Every year since I have been licensed, since the Bush Administration, I see articles in Time and CNN about how acupuncture is "going mainstream," and our schools' Instagram accounts are quick to repost them, as if the print legitimacy will miraculously boost enrollment or sooth their current students' anxiety about paying the exorbitant tuitions which fail debt-to-earning ratio. And yet every year, more schools are closing, fewer insurance companies cover our services, or the reimbursements become less and less. Can we give this up already?
We are queer medicine. To assimilate into Western models misses the point entirely: our defining feature is as a contrast and criticism of the didacticism, utilitarianism and narrowness of biomedicine. We are anti-capitalist, matriarchal, non-Caucasian medicine which predates the Age of Reason!
Of course the over-cultural imagination deems us silly and without utility! What we do should be illegible, annoying, and adversarial to mainstream medicine.
If I’m doing my job right, I should be baffling and antagonizing to a gastroenterologist. I pray there are urologists out there eye-rolling about me.
Acupuncture will never be mainstream medicine in America, because "mainstream in America" means it must simultaneously appeal to the health concerns of cis straight white men and be grotesquely profitable for them. Hence the only true mainstream medicine in America is Lipitor, Cialis, Prilosec and OxyContin. I have no interest in this form of health.
We are never going to be enough–scientific enough, evidence-based enough, profitable enough, legitimate enough–to make Daddy love us.
Daddy will never love us.
So keep it, Daddy.

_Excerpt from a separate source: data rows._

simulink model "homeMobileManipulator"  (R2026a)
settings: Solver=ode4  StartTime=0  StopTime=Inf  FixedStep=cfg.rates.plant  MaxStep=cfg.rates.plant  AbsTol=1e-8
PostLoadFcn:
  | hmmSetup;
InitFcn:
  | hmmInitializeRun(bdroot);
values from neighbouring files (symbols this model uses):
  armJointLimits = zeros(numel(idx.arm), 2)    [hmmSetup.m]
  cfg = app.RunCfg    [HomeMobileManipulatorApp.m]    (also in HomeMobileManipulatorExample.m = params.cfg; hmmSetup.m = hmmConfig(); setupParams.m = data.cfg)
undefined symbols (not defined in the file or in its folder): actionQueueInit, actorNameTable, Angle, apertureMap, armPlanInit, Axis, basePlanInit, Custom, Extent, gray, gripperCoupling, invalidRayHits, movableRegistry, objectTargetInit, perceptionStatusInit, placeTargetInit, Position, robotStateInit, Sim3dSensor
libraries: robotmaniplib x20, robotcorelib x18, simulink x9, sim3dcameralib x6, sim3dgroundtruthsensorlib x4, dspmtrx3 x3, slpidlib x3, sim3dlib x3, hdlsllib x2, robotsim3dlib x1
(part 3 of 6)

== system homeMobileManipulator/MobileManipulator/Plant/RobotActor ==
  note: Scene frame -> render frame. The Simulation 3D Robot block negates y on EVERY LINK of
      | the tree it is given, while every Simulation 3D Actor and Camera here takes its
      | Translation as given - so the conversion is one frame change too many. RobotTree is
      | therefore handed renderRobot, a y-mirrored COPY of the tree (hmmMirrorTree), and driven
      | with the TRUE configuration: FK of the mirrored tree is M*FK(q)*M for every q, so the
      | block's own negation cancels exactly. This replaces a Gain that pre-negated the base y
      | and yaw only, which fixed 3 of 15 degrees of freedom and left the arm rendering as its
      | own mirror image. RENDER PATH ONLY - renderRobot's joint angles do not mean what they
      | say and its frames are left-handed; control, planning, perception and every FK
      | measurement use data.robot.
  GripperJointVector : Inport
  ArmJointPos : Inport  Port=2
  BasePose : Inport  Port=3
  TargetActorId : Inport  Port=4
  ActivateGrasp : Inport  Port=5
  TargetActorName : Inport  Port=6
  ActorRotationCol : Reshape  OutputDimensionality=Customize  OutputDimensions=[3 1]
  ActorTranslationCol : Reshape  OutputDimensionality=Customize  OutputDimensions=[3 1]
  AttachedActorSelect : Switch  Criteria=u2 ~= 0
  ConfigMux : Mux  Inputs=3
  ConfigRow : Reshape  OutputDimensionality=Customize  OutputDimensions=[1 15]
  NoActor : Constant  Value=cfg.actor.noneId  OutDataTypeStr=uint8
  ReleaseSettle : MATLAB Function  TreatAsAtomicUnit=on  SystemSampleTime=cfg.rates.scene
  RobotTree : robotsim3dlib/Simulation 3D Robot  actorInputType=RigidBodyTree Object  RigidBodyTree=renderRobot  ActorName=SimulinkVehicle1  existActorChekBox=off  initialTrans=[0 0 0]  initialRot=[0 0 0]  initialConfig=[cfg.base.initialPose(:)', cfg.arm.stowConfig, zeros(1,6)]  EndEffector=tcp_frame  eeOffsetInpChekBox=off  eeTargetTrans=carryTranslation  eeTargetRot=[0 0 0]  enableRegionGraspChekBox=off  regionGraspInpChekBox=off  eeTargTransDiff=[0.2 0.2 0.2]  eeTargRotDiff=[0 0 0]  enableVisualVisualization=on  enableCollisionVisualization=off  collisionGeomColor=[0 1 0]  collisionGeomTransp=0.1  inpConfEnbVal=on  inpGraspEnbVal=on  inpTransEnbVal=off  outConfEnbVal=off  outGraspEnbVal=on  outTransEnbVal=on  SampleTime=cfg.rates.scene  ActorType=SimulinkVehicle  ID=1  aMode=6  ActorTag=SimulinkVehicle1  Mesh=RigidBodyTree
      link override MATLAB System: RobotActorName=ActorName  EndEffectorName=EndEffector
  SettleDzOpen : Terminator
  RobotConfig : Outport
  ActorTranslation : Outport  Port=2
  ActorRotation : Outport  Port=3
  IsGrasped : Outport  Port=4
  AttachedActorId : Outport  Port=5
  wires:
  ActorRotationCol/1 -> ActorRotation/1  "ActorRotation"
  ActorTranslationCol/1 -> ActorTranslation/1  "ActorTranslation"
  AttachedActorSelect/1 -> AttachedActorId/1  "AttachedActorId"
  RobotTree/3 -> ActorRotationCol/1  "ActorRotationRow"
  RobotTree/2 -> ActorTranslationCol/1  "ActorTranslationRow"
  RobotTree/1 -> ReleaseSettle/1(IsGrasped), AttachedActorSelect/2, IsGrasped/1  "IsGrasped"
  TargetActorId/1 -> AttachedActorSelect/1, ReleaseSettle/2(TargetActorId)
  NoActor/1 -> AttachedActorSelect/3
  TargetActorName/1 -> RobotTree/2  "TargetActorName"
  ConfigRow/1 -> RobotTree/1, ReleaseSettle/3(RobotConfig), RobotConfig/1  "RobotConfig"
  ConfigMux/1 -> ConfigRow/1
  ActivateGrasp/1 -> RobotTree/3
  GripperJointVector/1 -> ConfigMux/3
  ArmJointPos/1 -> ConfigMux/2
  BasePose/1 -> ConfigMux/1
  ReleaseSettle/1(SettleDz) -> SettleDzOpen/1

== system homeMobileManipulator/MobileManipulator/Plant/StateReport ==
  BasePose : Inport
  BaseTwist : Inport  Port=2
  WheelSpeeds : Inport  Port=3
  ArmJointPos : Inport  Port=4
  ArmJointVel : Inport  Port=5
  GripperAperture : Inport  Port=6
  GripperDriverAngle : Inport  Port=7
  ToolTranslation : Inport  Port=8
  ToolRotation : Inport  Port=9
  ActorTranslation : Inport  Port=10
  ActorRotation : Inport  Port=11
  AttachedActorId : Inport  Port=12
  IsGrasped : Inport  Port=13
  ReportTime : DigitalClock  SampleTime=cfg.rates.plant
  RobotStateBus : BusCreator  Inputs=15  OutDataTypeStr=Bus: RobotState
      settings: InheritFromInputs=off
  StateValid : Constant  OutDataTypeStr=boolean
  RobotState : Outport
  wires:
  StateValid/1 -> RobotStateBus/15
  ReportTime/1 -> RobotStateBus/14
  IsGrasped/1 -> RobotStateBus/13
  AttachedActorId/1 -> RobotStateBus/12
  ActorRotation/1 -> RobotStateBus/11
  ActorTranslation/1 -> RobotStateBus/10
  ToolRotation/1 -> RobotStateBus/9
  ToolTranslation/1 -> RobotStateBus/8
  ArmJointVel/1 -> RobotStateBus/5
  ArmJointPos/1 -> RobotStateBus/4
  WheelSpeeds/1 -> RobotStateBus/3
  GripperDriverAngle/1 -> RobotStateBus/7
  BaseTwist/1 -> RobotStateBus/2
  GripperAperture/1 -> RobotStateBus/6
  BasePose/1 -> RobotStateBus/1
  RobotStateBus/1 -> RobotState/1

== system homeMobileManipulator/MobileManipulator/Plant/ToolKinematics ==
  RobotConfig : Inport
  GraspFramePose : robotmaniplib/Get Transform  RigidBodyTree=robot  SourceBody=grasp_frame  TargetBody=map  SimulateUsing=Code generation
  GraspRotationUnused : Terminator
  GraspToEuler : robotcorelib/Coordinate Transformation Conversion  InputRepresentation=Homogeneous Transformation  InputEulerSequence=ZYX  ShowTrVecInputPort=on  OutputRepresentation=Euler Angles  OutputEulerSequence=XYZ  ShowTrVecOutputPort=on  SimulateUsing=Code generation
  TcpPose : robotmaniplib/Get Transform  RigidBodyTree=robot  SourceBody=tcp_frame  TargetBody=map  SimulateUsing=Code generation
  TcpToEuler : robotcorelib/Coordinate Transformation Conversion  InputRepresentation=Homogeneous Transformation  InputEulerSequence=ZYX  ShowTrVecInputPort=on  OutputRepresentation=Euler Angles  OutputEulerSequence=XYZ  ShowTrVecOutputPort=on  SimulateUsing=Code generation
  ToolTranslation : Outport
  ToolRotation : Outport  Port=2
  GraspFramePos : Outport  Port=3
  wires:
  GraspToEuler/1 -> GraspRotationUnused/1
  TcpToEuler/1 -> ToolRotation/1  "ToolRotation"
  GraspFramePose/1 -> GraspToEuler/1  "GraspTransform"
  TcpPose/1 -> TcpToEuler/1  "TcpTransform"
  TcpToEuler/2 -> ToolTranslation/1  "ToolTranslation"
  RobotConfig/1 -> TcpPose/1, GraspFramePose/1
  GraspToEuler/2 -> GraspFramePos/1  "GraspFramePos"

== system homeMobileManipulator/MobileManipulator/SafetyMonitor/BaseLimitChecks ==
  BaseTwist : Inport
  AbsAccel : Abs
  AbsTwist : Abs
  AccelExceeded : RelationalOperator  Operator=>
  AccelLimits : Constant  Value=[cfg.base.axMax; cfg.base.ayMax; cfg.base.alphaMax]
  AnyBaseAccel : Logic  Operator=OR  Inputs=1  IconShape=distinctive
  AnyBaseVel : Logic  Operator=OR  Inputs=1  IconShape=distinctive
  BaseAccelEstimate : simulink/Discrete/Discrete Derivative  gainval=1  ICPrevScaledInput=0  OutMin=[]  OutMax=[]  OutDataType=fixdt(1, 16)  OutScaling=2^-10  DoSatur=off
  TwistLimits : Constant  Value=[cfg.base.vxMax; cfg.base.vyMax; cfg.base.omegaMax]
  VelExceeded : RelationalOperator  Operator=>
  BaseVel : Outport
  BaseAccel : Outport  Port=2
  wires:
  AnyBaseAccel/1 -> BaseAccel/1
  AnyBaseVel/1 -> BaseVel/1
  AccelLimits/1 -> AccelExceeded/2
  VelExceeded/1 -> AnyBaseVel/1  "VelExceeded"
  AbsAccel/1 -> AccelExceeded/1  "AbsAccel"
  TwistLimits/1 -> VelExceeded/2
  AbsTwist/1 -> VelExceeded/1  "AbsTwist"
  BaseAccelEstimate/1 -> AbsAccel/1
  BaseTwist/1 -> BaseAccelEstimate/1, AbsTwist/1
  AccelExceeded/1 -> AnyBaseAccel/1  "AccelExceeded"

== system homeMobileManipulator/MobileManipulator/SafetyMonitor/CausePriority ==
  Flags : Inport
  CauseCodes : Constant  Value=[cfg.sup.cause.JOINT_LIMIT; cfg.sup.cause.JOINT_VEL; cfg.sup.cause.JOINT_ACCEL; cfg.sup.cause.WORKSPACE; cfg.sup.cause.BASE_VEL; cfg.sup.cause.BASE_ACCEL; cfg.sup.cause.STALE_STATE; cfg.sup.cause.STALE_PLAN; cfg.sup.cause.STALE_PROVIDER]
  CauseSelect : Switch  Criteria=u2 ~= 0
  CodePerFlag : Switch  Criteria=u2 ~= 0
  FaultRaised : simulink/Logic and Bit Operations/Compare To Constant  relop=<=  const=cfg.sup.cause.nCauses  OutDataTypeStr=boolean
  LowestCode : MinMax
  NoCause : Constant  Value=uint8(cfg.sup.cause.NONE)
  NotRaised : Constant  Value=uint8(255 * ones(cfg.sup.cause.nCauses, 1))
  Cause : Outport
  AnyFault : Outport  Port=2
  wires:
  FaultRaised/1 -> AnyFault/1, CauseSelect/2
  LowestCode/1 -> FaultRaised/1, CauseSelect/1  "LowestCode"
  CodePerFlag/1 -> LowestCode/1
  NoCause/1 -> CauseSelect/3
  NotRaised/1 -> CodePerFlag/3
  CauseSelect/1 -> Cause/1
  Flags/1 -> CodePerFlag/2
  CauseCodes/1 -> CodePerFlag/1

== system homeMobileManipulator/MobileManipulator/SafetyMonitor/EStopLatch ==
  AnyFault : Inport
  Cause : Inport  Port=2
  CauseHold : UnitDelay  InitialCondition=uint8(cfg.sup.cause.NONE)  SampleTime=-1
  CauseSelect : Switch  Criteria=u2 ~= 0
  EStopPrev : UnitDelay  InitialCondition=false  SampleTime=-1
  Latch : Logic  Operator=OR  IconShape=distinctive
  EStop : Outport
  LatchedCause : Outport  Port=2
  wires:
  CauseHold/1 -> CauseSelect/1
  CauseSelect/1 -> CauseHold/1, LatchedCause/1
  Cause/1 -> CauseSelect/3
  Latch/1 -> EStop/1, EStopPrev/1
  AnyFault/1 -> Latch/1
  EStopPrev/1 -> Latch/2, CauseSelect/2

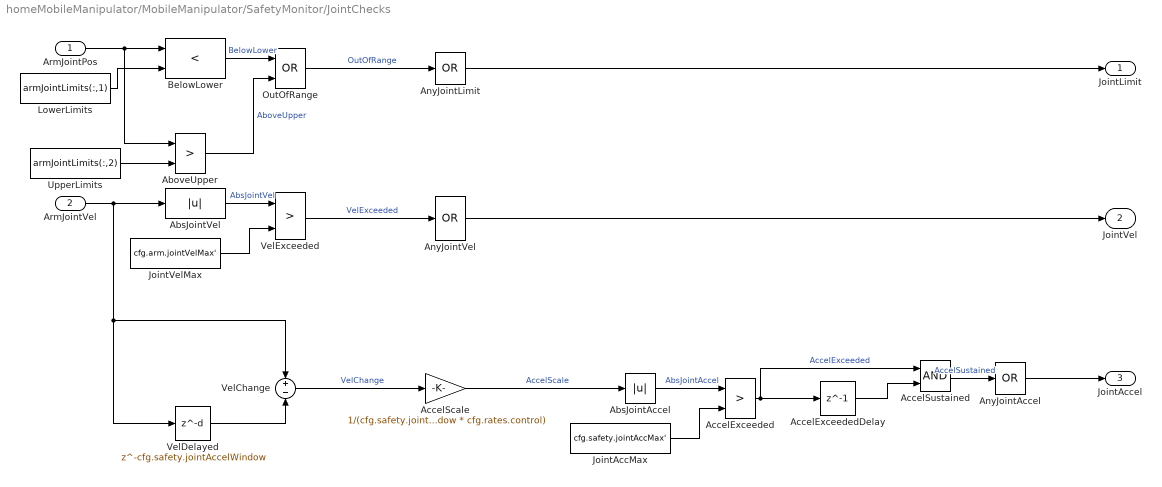
== system homeMobileManipulator/MobileManipulator/SafetyMonitor/JointChecks ==
  ArmJointPos : Inport
  ArmJointVel : Inport  Port=2
  AboveUpper : RelationalOperator  Operator=>
  AbsJointAccel : Abs
  AbsJointVel : Abs
  AccelExceeded : RelationalOperator  Operator=>
  AccelExceededDelay : Delay  DelayLength=1  InitialCondition=0
  AccelScale : Gain  Gain=1/(cfg.safety.jointAccelWindow * cfg.rates.control)
  AccelSustained : Logic  AllPortsSameDT=off  OutDataTypeStr=boolean
  AnyJointAccel : Logic  Operator=OR  Inputs=1  IconShape=distinctive
  AnyJointLimit : Logic  Operator=OR  Inputs=1  IconShape=distinctive
  AnyJointVel : Logic  Operator=OR  Inputs=1  IconShape=distinctive
  BelowLower : RelationalOperator  Operator=<
  JointAccMax : Constant  Value=cfg.safety.jointAccMax'
  JointVelMax : Constant  Value=cfg.arm.jointVelMax'
  LowerLimits : Constant  Value=armJointLimits(:,1)
  OutOfRange : Logic  Operator=OR  IconShape=distinctive
  UpperLimits : Constant  Value=armJointLimits(:,2)
  VelChange : Sum  Inputs=+-
  VelDelayed : Delay  DelayLength=cfg.safety.jointAccelWindow
  VelExceeded : RelationalOperator  Operator=>
  JointLimit : Outport
  JointVel : Outport  Port=2
  JointAccel : Outport  Port=3
  wires:
  AnyJointAccel/1 -> JointAccel/1
  AccelSustained/1 -> AnyJointAccel/1  "AccelSustained"
  AccelExceededDelay/1 -> AccelSustained/2
  AccelExceeded/1 -> AccelExceededDelay/1, AccelSustained/1  "AccelExceeded"
  JointAccMax/1 -> AccelExceeded/2
  AbsJointAccel/1 -> AccelExceeded/1  "AbsJointAccel"
  AccelScale/1 -> AbsJointAccel/1  "AccelScale"
  AnyJointVel/1 -> JointVel/1
  AnyJointLimit/1 -> JointLimit/1
  VelChange/1 -> AccelScale/1  "VelChange"
  VelExceeded/1 -> AnyJointVel/1  "VelExceeded"
  OutOfRange/1 -> AnyJointLimit/1  "OutOfRange"
  VelDelayed/1 -> VelChange/2
  AboveUpper/1 -> OutOfRange/2  "AboveUpper"
  ArmJointVel/1 -> VelDelayed/1, VelChange/1, AbsJointVel/1
  UpperLimits/1 -> AboveUpper/2
  AbsJointVel/1 -> VelExceeded/1  "AbsJointVel"
  JointVelMax/1 -> VelExceeded/2
  BelowLower/1 -> OutOfRange/1  "BelowLower"
  LowerLimits/1 -> BelowLower/2
  ArmJointPos/1 -> BelowLower/1, AboveUpper/1

== system homeMobileManipulator/MobileManipulator/SafetyMonitor/StalenessCheck ==
  RobotState : Inport
  BaseStatus : Inport  Port=2
  ArmStatus : Inport  Port=3
  PerceptionStatus : Inport  Port=4
  Now : Inport  Port=5
  ArmSelect : BusSelector  OutputSignals=Timestamp,Valid
  ArmStale : Subsystem  Description=|
      | Stale = (Now - Timestamp > Timeout) AND Fresh.
      | 
      | The Fresh gate is what stops this test from being a false alarm generator. Every timestamp on every bus starts at the ground value 0, so an ungated age test fires on EVERY producer at t = Timeout, before the producer has run once, and a latched e-stop would kill the run before the task starts. Fresh says "this producer is supposed to be reporting right now": Valid for the state and status buses, State == pending for the grounding provider, whose timestamp legitimately freezes once the one request it makes has completed.
  BaseSelect : BusSelector  OutputSignals=Timestamp,Valid
  BaseStale : Subsystem  Description=|
      | Stale = (Now - Timestamp > Timeout) AND Fresh.
      | 
      | The Fresh gate is what stops this test from being a false alarm generator. Every timestamp on every bus starts at the ground value 0, so an ungated age test fires on EVERY producer at t = Timeout, before the producer has run once, and a latched e-stop would kill the run before the task starts. Fresh says "this producer is supposed to be reporting right now": Valid for the state and status buses, State == pending for the grounding provider, whose timestamp legitimately freezes once the one request it makes has completed.
  PlanStale : Logic  Operator=OR  IconShape=distinctive
  ProviderSelect : BusSelector  OutputSignals=State,Timestamp
  ProviderStale : Subsystem  Description=|
      | Stale = (Now - Timestamp > Timeout) AND Fresh.
      | 
      | The Fresh gate is what stops this test from being a false alarm generator. Every timestamp on every bus starts at the ground value 0, so an ungated age test fires on EVERY producer at t = Timeout, before the producer has run once, and a latched e-stop would kill the run before the task starts. Fresh says "this producer is supposed to be reporting right now": Valid for the state and status buses, State == pending for the grounding provider, whose timestamp legitimately freezes once the one request it makes has completed.
  ProviderTimeout : Constant  Value=cfg.provider.timeout
  RequestPending : simulink/Logic and Bit Operations/Compare To Constant  relop===  const=uint8(1)  OutDataTypeStr=boolean
  StaleTimeout : Constant  Value=cfg.safety.staleTimeout
  StateSelect : BusSelector  OutputSignals=Timestamp,Valid
  StateStale : Subsystem  Description=|
      | Stale = (Now - Timestamp > Timeout) AND Fresh.
      | 
      | The Fresh gate is what stops this test from being a false alarm generator. Every timestamp on every bus starts at the ground value 0, so an ungated age test fires on EVERY producer at t = Timeout, before the producer has run once, and a latched e-stop would kill the run before the task starts. Fresh says "this producer is supposed to be reporting right now": Valid for the state and status buses, State == pending for the grounding provider, whose timestamp legitimately freezes once the one request it makes has completed.
  StaleState : Outport
  StalePlan : Outport  Port=2
  StaleProvider : Outport  Port=3
  wires:
  ProviderStale/1(Stale) -> StaleProvider/1
  BaseStale/1(Stale) -> PlanStale/1
  PlanStale/1 -> StalePlan/1
  RequestPending/1 -> ProviderStale/4(Fresh)
  ArmStale/1(Stale) -> PlanStale/2
  ProviderTimeout/1 -> ProviderStale/3(Timeout)
  StateSelect/2 -> StateStale/4(Fresh)  "<Valid>"
  Now/1 -> StateStale/1(Now), ArmStale/1(Now), BaseStale/1(Now), ProviderStale/1(Now)
  ArmSelect/2 -> ArmStale/4(Fresh)  "<Valid>"
  ArmSelect/1 -> ArmStale/2(Timestamp)  "<Timestamp>"
  BaseSelect/2 -> BaseStale/4(Fresh)  "<Valid>"
  StaleTimeout/1 -> BaseStale/3(Timeout), ArmStale/3(Timeout), StateStale/3(Timeout)
  ProviderSelect/2 -> ProviderStale/2(Timestamp)  "<Timestamp>"
  ProviderSelect/1 -> RequestPending/1  "<State>"
  RobotState/1 -> StateSelect/1
  StateSelect/1 -> StateStale/2(Timestamp)  "<Timestamp>"
  ArmStatus/1 -> ArmSelect/1
  BaseStatus/1 -> BaseSelect/1
  BaseSelect/1 -> BaseStale/2(Timestamp)  "<Timestamp>"
  PerceptionStatus/1 -> ProviderSelect/1
  StateStale/1(Stale) -> StaleState/1

== system homeMobileManipulator/MobileManipulator/SafetyMonitor/WorkspaceCheck ==
  ArmJointPos : Inport
  ToolTranslation : Inport  Port=2
  AboveBounds : RelationalOperator  Operator=>
  AnyOutOfBounds : Logic  Operator=OR  Inputs=1  IconShape=distinctive
  BelowBounds : RelationalOperator  Operator=<
  BoundsMax : Constant  Value=cfg.percep.sceneBounds(:,2)
  BoundsMin : Constant  Value=cfg.percep.sceneBounds(:,1)
  OutOfBounds : Logic  Operator=OR  IconShape=distinctive
  ReachExceeded : simulink/Logic and Bit Operations/Compare To Constant  relop=>  const=cfg.safety.toolReachMax  OutDataTypeStr=boolean
  ReachNorm : Sqrt  Description=|
      | Euclidean distance from arm_mount to the tool, compared against cfg.arm.reach by ReachExceeded.
      | 
      | Operator MUST be sqrt. It was rSqrt - the RECIPROCAL square root - which inverts the comparison and reads 2.258 for the stow pose's 0.443 m, so the reach check tripped on every step of every run and latched the e-stop. The two spellings are indistinguishable on the canvas and the block accepts either without complaint.
  ReachSq : DotProduct
  ToolPoseInArmFrame : Subsystem
  WorkspaceViolation : Logic  Operator=OR  IconShape=distinctive
  Workspace : Outport
  wires:
  WorkspaceViolation/1 -> Workspace/1
  AnyOutOfBounds/1 -> WorkspaceViolation/2  "AnyOutOfBounds"
  OutOfBounds/1 -> AnyOutOfBounds/1  "OutOfBounds"
  ReachNorm/1 -> ReachExceeded/1  "ReachNorm"
  ReachExceeded/1 -> WorkspaceViolation/1
  ReachSq/1 -> ReachNorm/1  "ReachSq"
  AboveBounds/1 -> OutOfBounds/2  "AboveBounds"
  BelowBounds/1 -> OutOfBounds/1  "BelowBounds"
  BoundsMax/1 -> AboveBounds/2
  ToolPoseInArmFrame/1(ToolTranslation) -> ReachSq/1, ReachSq/2
  ToolTranslation/1 -> BelowBounds/1, AboveBounds/1
  ArmJointPos/1 -> ToolPoseInArmFrame/1(ArmConfig)
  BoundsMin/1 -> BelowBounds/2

Let it go.
Our queer job is to point our finger to the future–to dream of the other and then make it real–insisting on a separate and sovereign set of values; values that might make life worth living.
Not only do I not want to be what they think is the right thing, fuck the right thing.
Fuck Blue Shield. Fuck the Sacklers. Fuck the DHHS. Fuck everyone.
Run from America. Be repellant. Embrace and embody your wild monstrosity.
Happy Pride from Diet Poke!
“The moment of queer pride is a refusal to be shamed by witnessing the other as being ashamed of you.”
–Sara Ahmed
As defined by bell hooks: “‘Queer’ not as being about who you’re having sex with; but ‘queer’ as being about the self that is at odds with everything around it and has to invent and create and find a place to speak and to thrive and to live.”
Oh my god best fking thing I’ve read in so long. I’m 3 months away from graduating with a Dacm and appreciate so much your pillar of queerness and wisdom in this community, as a reminder for my guiding light to be my fullest truth, not NIH-conformity.
Fantastic honest piece of writing. Sharing it with our broader community to spark further discussion. So grateful to you for this!